# The task

In this assignment you will need to implement features, based on nearest neighbours. 

KNN classifier (regressor) is a very powerful model, when the features are homogeneous and it is a very common practice to use KNN as first level model. In this homework we will extend KNN model and compute more features, based on nearest neighbors and their distances. 

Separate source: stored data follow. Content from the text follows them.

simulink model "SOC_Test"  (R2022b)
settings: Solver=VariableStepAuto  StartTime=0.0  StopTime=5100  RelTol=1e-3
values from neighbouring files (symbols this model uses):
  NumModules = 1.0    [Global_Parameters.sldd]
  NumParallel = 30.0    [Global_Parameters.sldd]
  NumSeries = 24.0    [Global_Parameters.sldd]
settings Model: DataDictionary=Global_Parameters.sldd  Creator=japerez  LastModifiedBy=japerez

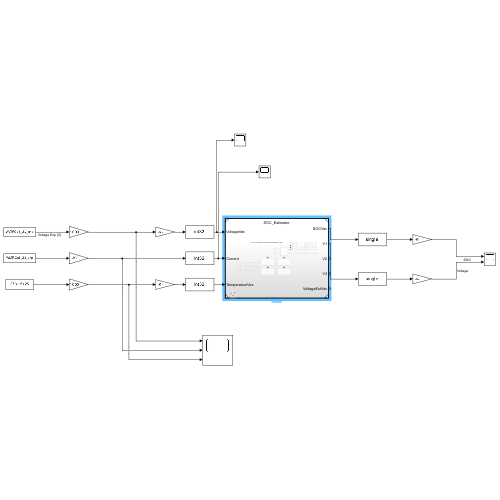
[thumbnail: Simulink's stored preview of the top-level diagram]
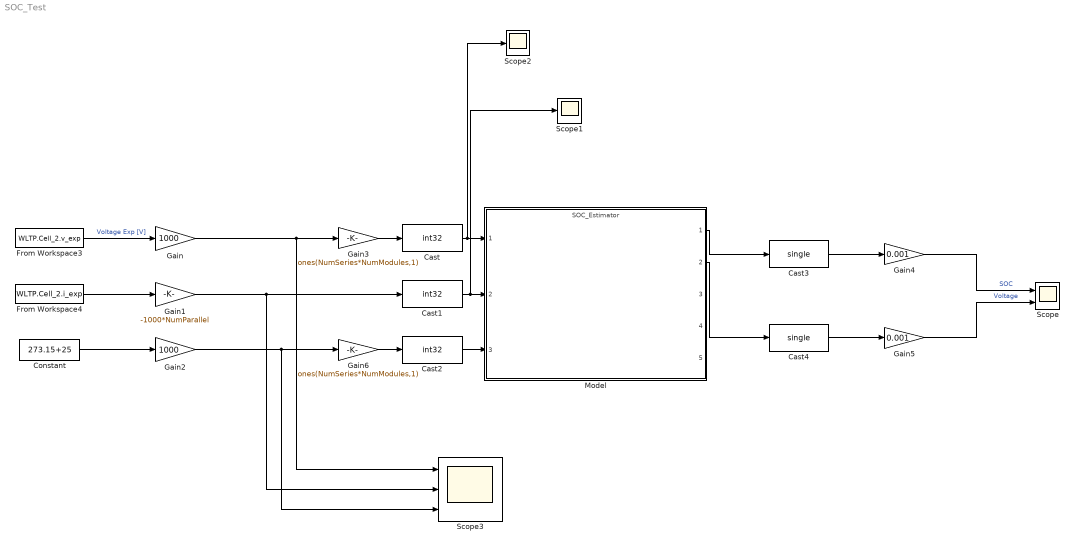
== system SOC_Test ==
  Cast : DataTypeConversion  OutDataTypeStr=int32  SaturateOnIntegerOverflow=off  RndMeth=Floor
  Cast1 : DataTypeConversion  OutDataTypeStr=int32  SaturateOnIntegerOverflow=off  RndMeth=Floor
  Cast2 : DataTypeConversion  OutDataTypeStr=int32  SaturateOnIntegerOverflow=off  RndMeth=Floor
  Cast3 : DataTypeConversion  OutDataTypeStr=single  SaturateOnIntegerOverflow=off  RndMeth=Floor
  Cast4 : DataTypeConversion  OutDataTypeStr=single  SaturateOnIntegerOverflow=off  RndMeth=Floor
  Constant : Constant  Value=273.15+25
  From Workspace3 : FromWorkspace  VariableName=WLTP.Cell_2.v_exp
  From Workspace4 : FromWorkspace  VariableName=WLTP.Cell_2.i_exp
  Gain : Gain  Gain=1000
  Gain1 : Gain  Gain=-1000*NumParallel
  Gain2 : Gain  Gain=1000
  Gain3 : Gain  Gain=ones(NumSeries*NumModules,1)
  Gain4 : Gain  Gain=0.001
  Gain5 : Gain  Gain=0.001
  Gain6 : Gain  Gain=ones(NumSeries*NumModules,1)
  Model : ModelReference  ModelNameDialog=SOC_Estimator.slx  SimulationMode=Normal  ModelReferenceVersion=1.31
  Scope : Scope  NumInputPorts=2
  Scope1 : Scope
  Scope2 : Scope
  Scope3 : Scope  NumInputPorts=3
  wires:
  From Workspace3/1 -> Gain/1  "Voltage Exp [V]"
  Gain/1 -> Scope3/1, Gain3/1
  Gain3/1 -> Cast/1
  From Workspace4/1 -> Gain1/1
  Cast/1 -> Scope2/1, Model/1
  Cast1/1 -> Scope1/1, Model/2
  Gain1/1 -> Scope3/2, Cast1/1
  Constant/1 -> Gain2/1
  Gain2/1 -> Scope3/3, Gain6/1
  Cast2/1 -> Model/3
  Model/1 -> Cast3/1
  Model/2 -> Cast4/1
  Cast3/1 -> Gain4/1
  Cast4/1 -> Gain5/1
  Gain4/1 -> Scope/1  "SOC"
  Gain5/1 -> Scope/2  "Voltage"
  Gain6/1 -> Cast2/1

You will need to implement a number of features, that were one of the key features, that leaded the instructors to prizes in [Otto](https://www.kaggle.com/c/otto-group-product-classification-challenge) and [Springleaf](https://www.kaggle.com/c/springleaf-marketing-response) competitions. Of course, the list of features you will need to implement can be extended, in fact in competitions the list was at least 3 times larger. So when solving a real competition do not hesitate to make up your own features.   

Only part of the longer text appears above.